Jetzt ist Deine Meinung zu *Indiana Jones 5: Und wieder wird ein neues Drehbuch geschrieben* gefragt.


						Bitte beachtet: Der Kommentarbereich wird gemäß der Forenregeln moderiert.





			Dieser Inhalt steht nur eingeloggten Mitgliedern zur Verfügung.
        

 Zum Artikel: *Indiana Jones 5: Und wieder wird ein neues Drehbuch geschrieben*


----------



## HolgerHans (24. September 2019)

Hört sich ja nicht gerade überzeugend an "Ich denke wir haben eine gute Idee, wir werden sehen."

Nach dem Kristall Schädel Fiasko haben die wohl auch viel Gunst verloren. Vielleicht sollte man diese Reihe dann einfach ruhen lassen.

Oder man verfilmt einfach Fate Of Atlantis...ist ja inzwischen Kult und mir immer nich ein Rätsel warum das nicht aufgegriffen wurde von den Filmstudios.


----------



## Neawoulf (24. September 2019)

Fate of Atlantis wäre tatsächlich cool als Film. Für mich ist das Spiel ein weit würdigerer vierter Teil der Reihe, als Königreich des Kristallschädels es je sein könnte. Aber ich glaube, Fate of Atlantis hätte man schon vor mindestens 20 Jahren drehen müssen. Für das Setting ist Harrison Ford einfach schon ein paar Jährchen zu alt und die gleiche Handlung in den 60er oder 70er Jahren würde meiner Meinung nach nicht halb so gut funktionieren.

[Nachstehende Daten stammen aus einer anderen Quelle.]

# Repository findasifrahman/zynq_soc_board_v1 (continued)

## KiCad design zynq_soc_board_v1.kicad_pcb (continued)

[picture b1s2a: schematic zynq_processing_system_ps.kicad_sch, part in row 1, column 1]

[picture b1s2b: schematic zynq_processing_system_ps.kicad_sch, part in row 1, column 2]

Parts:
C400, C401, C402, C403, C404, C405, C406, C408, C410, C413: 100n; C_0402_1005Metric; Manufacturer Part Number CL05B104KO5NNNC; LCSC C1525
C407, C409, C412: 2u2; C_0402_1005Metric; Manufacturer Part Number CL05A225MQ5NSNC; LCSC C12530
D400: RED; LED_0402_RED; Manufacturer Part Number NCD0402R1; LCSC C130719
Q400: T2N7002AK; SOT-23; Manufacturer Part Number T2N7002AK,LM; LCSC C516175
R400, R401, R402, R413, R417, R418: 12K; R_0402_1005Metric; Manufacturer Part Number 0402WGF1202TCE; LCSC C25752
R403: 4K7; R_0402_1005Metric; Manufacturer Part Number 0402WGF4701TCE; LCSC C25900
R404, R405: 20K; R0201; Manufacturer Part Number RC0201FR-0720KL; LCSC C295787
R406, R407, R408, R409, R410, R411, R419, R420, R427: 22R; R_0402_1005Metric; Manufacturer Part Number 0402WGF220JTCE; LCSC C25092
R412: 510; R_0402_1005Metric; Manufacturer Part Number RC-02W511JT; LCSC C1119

Ich glaube, manchmal sollte man alte Helden auch einfach ruhen lassen. Die Trilogie war großartig, Teil 4 eine Enttäuschung für viele ... warum es nochmal versuchen? Die einzige Antwort darauf ist leider: Weil die Produzenten die Marke nochmal melken wollen. Das ist unwürdig.


----------



## sauerlandboy79 (24. September 2019)

Der Plan für Teil 5 ist tot. Soll sich Ford wirklich noch mit 80 dazu aufraffen?


----------



## omega0815 (24. September 2019)

"Indiana Jones 5: Und wieder wird ein neues Drehbuch geschrieben" jup, better is dat.
@sauerlandboy79: analog starwars als hologeist - weil war schon immer da 
@neawoulf: korrekt, das Abenteuer war besser als der letzte Film
….
sind wir Freaks? 
ich schon, ein wenig vielleicht oder so, nur ein bisschen


----------



## MichaelG (25. September 2019)

Die sollen Indie in Ruhe lassen. Harrisson Ford mit 80 als Indie finde ich dann auch nicht mehr so passend. Teil 5 hätte man deutlich eher bringen müssen. Jetzt ist es für meine Begriffe zu spät.


----------



## ExGamestarLeser (25. September 2019)

Also entweder sind die drehbücher alle so schlecht oder noch nicht schlecht genug für heutige SJW & CGI Action Spinner in Hollywood.

Denk ich an Indy 4 möchte ich mich jedenfalls vor Teil 5 im nächsten Kühlschrank verstecken.


----------



## RedDragon20 (25. September 2019)

sauerlandboy79 schrieb:


> Der Plan für Teil 5 ist tot. Soll sich Ford wirklich noch mit 80 dazu aufraffen?


Bis das Drehbuch für Teil 5 final ist, ist Ford vermutlich längst von uns gegangen.


----------